For example, surgeons avoiding valve replacement in patients who have infective endocarditis due to +BC and possibly of valve infection; refusing to catheterize patients with CRI due to fear of or worsening CRI and need for dialysis. Surgeons not doing transplants due to possibility of complications and death before the 1 year mark and getting dinged.

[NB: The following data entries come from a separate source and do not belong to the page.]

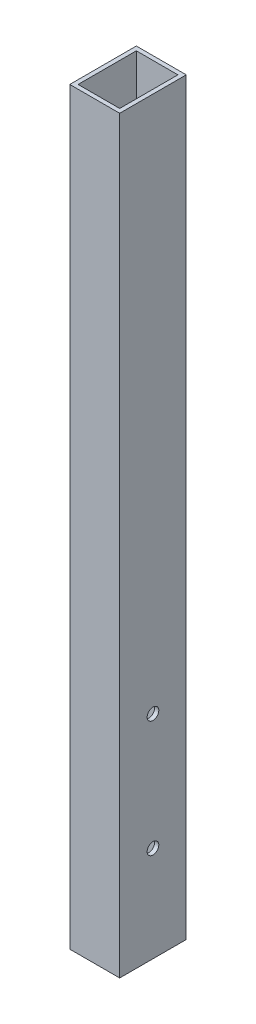
ISO-10303-21;
HEADER;
FILE_DESCRIPTION(('STEP AP214'),'2;1');
FILE_NAME('part.step','',(''),(''),'','','');
FILE_SCHEMA(('AUTOMOTIVE_DESIGN { 1 0 10303 214 1 1 1 1 }'));
ENDSEC;
DATA;
#1=APPLICATION_CONTEXT('core data for automotive mechanical design processes');
#2=APPLICATION_PROTOCOL_DEFINITION('international standard','automotive_design',2000,#1);
#3=PRODUCT_CONTEXT('',#1,'mechanical');
#4=PRODUCT('Part','Part','',(#3));
#5=PRODUCT_RELATED_PRODUCT_CATEGORY('part','',(#4));
#6=PRODUCT_DEFINITION_FORMATION('','',#4);
#7=PRODUCT_DEFINITION_CONTEXT('part definition',#1,'design');
#8=PRODUCT_DEFINITION('design','',#6,#7);
#9=PRODUCT_DEFINITION_SHAPE('','',#8);
#10=(LENGTH_UNIT() NAMED_UNIT(*) SI_UNIT(.MILLI.,.METRE.));
#11=(NAMED_UNIT(*) PLANE_ANGLE_UNIT() SI_UNIT($,.RADIAN.));
#12=(NAMED_UNIT(*) SI_UNIT($,.STERADIAN.) SOLID_ANGLE_UNIT());
#13=UNCERTAINTY_MEASURE_WITH_UNIT(LENGTH_MEASURE(1.E-05),#10,'distance_accuracy_value','');
#14=(GEOMETRIC_REPRESENTATION_CONTEXT(3) GLOBAL_UNCERTAINTY_ASSIGNED_CONTEXT((#13)) GLOBAL_UNIT_ASSIGNED_CONTEXT((#10,
#11,#12)) REPRESENTATION_CONTEXT('',''));
#15=CARTESIAN_POINT('',(0.,0.,0.));
#16=DIRECTION('',(0.,0.,1.));
#17=DIRECTION('',(1.,0.,0.));
#18=AXIS2_PLACEMENT_3D('',#15,#16,#17);
#19=CARTESIAN_POINT('',(-38.1,-1143.,50.8));
#20=DIRECTION('',(-1.,0.,0.));
#21=DIRECTION('',(0.,0.,1.));
#22=AXIS2_PLACEMENT_3D('',#19,#20,#21);
#23=PLANE('',#22);
#24=CARTESIAN_POINT('',(-38.1,-996.95,0.));
#25=DIRECTION('',(1.,0.,0.));
#26=DIRECTION('',(0.,0.,-1.));
#27=AXIS2_PLACEMENT_3D('',#24,#25,#26);
#28=CIRCLE('',#27,8.8899999999999);
#29=CARTESIAN_POINT('',(-38.1,-996.95,-8.8899999999999));
#30=VERTEX_POINT('',#29);
#31=EDGE_CURVE('E175',#30,#30,#28,.T.);
#32=ORIENTED_EDGE('',*,*,#31,.T.);
#33=EDGE_LOOP('',(#32));
#34=FACE_BOUND('',#33,.T.);
#35=CARTESIAN_POINT('',(-38.1,-819.15,0.));
#36=DIRECTION('',(1.,0.,0.));
#37=DIRECTION('',(0.,0.,-1.));
#38=AXIS2_PLACEMENT_3D('',#35,#36,#37);
#39=CIRCLE('',#38,8.88999999999989);
#40=CARTESIAN_POINT('',(-38.1,-819.15,-8.88999999999989));
#41=VERTEX_POINT('',#40);
#42=EDGE_CURVE('E185',#41,#41,#39,.T.);
#43=ORIENTED_EDGE('',*,*,#42,.T.);
#44=EDGE_LOOP('',(#43));
#45=FACE_BOUND('',#44,.T.);
#46=DIRECTION('',(0.,0.,1.));
#47=VECTOR('',#46,1.);
#48=CARTESIAN_POINT('',(-38.1,0.,50.8));
#49=LINE('',#48,#47);
#50=CARTESIAN_POINT('',(-38.1,0.,-50.8));
#51=VERTEX_POINT('',#50);
#52=CARTESIAN_POINT('',(-38.1,0.,50.8));
#53=VERTEX_POINT('',#52);
#54=EDGE_CURVE('E141',#51,#53,#49,.T.);
#55=ORIENTED_EDGE('',*,*,#54,.F.);
#56=DIRECTION('',(0.,1.,0.));
#57=VECTOR('',#56,1.);
#58=CARTESIAN_POINT('',(-38.1,-1143.,-50.8));
#59=LINE('',#58,#57);
#60=CARTESIAN_POINT('',(-38.1,-1143.,-50.8));
#61=VERTEX_POINT('',#60);
#62=EDGE_CURVE('E11',#61,#51,#59,.T.);
#63=ORIENTED_EDGE('',*,*,#62,.F.);
#64=DIRECTION('',(0.,0.,1.));
#65=VECTOR('',#64,1.);
#66=CARTESIAN_POINT('',(-38.1,-1143.,50.8));
#67=LINE('',#66,#65);
#68=CARTESIAN_POINT('',(-38.1,-1143.,50.8));
#69=VERTEX_POINT('',#68);
#70=EDGE_CURVE('E145',#61,#69,#67,.T.);
#71=ORIENTED_EDGE('',*,*,#70,.T.);
#72=DIRECTION('',(0.,1.,0.));
#73=VECTOR('',#72,1.);
#74=CARTESIAN_POINT('',(-38.1,-1143.,50.8));
#75=LINE('',#74,#73);
#76=EDGE_CURVE('E158',#69,#53,#75,.T.);
#77=ORIENTED_EDGE('',*,*,#76,.T.);
#78=EDGE_LOOP('',(#55,#63,#71,#77));
#79=FACE_BOUND('',#78,.T.);
#80=ADVANCED_FACE('F40',(#34,#45,#79),#23,.T.);
#81=CARTESIAN_POINT('',(38.1,-1143.,-50.8));
#82=DIRECTION('',(0.,0.,-1.));
#83=DIRECTION('',(-1.,0.,0.));
#84=AXIS2_PLACEMENT_3D('',#81,#82,#83);
#85=PLANE('',#84);
#86=DIRECTION('',(-1.,0.,0.));
#87=VECTOR('',#86,1.);
#88=CARTESIAN_POINT('',(38.1,0.,-50.8));
#89=LINE('',#88,#87);
#90=CARTESIAN_POINT('',(38.1,0.,-50.8));
#91=VERTEX_POINT('',#90);
#92=EDGE_CURVE('E149',#91,#51,#89,.T.);
#93=ORIENTED_EDGE('',*,*,#92,.F.);
#94=DIRECTION('',(0.,1.,0.));
#95=VECTOR('',#94,1.);
#96=CARTESIAN_POINT('',(38.1,-1143.,-50.8));
#97=LINE('',#96,#95);
#98=CARTESIAN_POINT('',(38.1,-1143.,-50.8));
#99=VERTEX_POINT('',#98);
#100=EDGE_CURVE('E48',#99,#91,#97,.T.);
#101=ORIENTED_EDGE('',*,*,#100,.F.);
#102=DIRECTION('',(-1.,0.,0.));
#103=VECTOR('',#102,1.);
#104=CARTESIAN_POINT('',(38.1,-1143.,-50.8));
#105=LINE('',#104,#103);
#106=EDGE_CURVE('E155',#99,#61,#105,.T.);
#107=ORIENTED_EDGE('',*,*,#106,.T.);
#108=ORIENTED_EDGE('',*,*,#62,.T.);
#109=EDGE_LOOP('',(#93,#101,#107,#108));
#110=FACE_BOUND('',#109,.T.);
#111=ADVANCED_FACE('F201',(#110),#85,.T.);
#112=CARTESIAN_POINT('',(38.1,-1143.,50.8));
#113=DIRECTION('',(1.,0.,0.));
#114=DIRECTION('',(0.,0.,-1.));
#115=AXIS2_PLACEMENT_3D('',#112,#113,#114);
#116=PLANE('',#115);
#117=CARTESIAN_POINT('',(38.1,-996.95,0.));
#118=DIRECTION('',(1.,0.,0.));
#119=DIRECTION('',(0.,0.,-1.));
#120=AXIS2_PLACEMENT_3D('',#117,#118,#119);
#121=CIRCLE('',#120,8.8899999999999);
#122=CARTESIAN_POINT('',(38.1,-996.95,-8.8899999999999));
#123=VERTEX_POINT('',#122);
#124=EDGE_CURVE('E180',#123,#123,#121,.T.);
#125=ORIENTED_EDGE('',*,*,#124,.F.);
#126=EDGE_LOOP('',(#125));
#127=FACE_BOUND('',#126,.T.);
#128=CARTESIAN_POINT('',(38.1,-819.15,0.));
#129=DIRECTION('',(1.,0.,0.));
#130=DIRECTION('',(0.,0.,-1.));
#131=AXIS2_PLACEMENT_3D('',#128,#129,#130);
#132=CIRCLE('',#131,8.88999999999989);
#133=CARTESIAN_POINT('',(38.1,-819.15,-8.88999999999989));
#134=VERTEX_POINT('',#133);
#135=EDGE_CURVE('E190',#134,#134,#132,.T.);
#136=ORIENTED_EDGE('',*,*,#135,.F.);
#137=EDGE_LOOP('',(#136));
#138=FACE_BOUND('',#137,.T.);
#139=DIRECTION('',(0.,0.,-1.));
#140=VECTOR('',#139,1.);
#141=CARTESIAN_POINT('',(38.1,0.,50.8));
#142=LINE('',#141,#140);
#143=CARTESIAN_POINT('',(38.1,0.,50.8));
#144=VERTEX_POINT('',#143);
#145=EDGE_CURVE('E164',#144,#91,#142,.T.);
#146=ORIENTED_EDGE('',*,*,#145,.F.);
#147=DIRECTION('',(0.,1.,0.));
#148=VECTOR('',#147,1.);
#149=CARTESIAN_POINT('',(38.1,-1143.,50.8));
#150=LINE('',#149,#148);
#151=CARTESIAN_POINT('',(38.1,-1143.,50.8));
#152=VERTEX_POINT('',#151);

Are you guys in academics encountering this? What can be done about this? I and others feel like patients are not getting the proper care they need because of CMS "dings" and possibly lack of reimbursement from CMS/Insurance carriers. Patients are dying and worsening here. And yes, some are gonna die regardless but there are some that can be saved. Can we fix this?
 
I think we need to let more people die peacefully. The number of ridiculous surgeries we do on basically dead people is astonishing. Then people wonder why patients are getting postop mis and strokes.
I think you have a valid point but there are some people who do need a chance. We all see more of is the prolonged, ridiculous ICU care with multiple pressors, transfusions, etc when they don't recover from said surgery. But I had a patient, otherwise healthy 30 year old who ended up dying due to AI and infected endocarditis who never got a chance. And it was from a tooth abscess not drugs. And she'd just given birth. Not a chance. Really?
 
This is the future of US medicine, whether we like it or not. Rationing, death panels, whatever people call it.
We haven’t *seen* it at my place to a huge extent, but the hints are being dropped. It’s coming.
 
I don't know if this equates to a death panel or rationing. But it's not right in many scenarios. There are some patients that we should pull back from when they aren't getting better, but there are those that aren't given a chance because of a possible bad outcome. Especially the young ones.
 
If the patient has a high probability to die in a year after transplant, should s/he be the candidate at all? After all, we don't have a ton of organs to squander.
 
What's an acceptable amount of risk for the patients or "dings" for a program?

No one is truly incentivized to do hard cases, even if they're worth doing.
 
If the patient has a high probability to die in a year after transplant, should s/he be the candidate at all? After all, we don't have a ton of organs to squander.
That's a good point. And we shouldn't. But really that's not what I am focusing on. Guess I should talk more of patients who don't need organs? The dead new mom with IE is one of the ones that bug me. And ones like her.
 
t I had a patient, otherwise healthy 30 year old who ended up dying due to AI and infected endocarditis who never got a chance. And it was from a tooth abscess not drugs. And she'd just given birth. Not a chance. Really?

Had she died after surgery, would you feel better despite the same outcome?
 
Some?

I would wager all.
Well considering we are talking of 15-35% mortality versus 100% in IE, I would wager "some".
And yes, I would have felt better had they at least tried. As I am sure so would have her family, some of the nurses and docs who took care of her.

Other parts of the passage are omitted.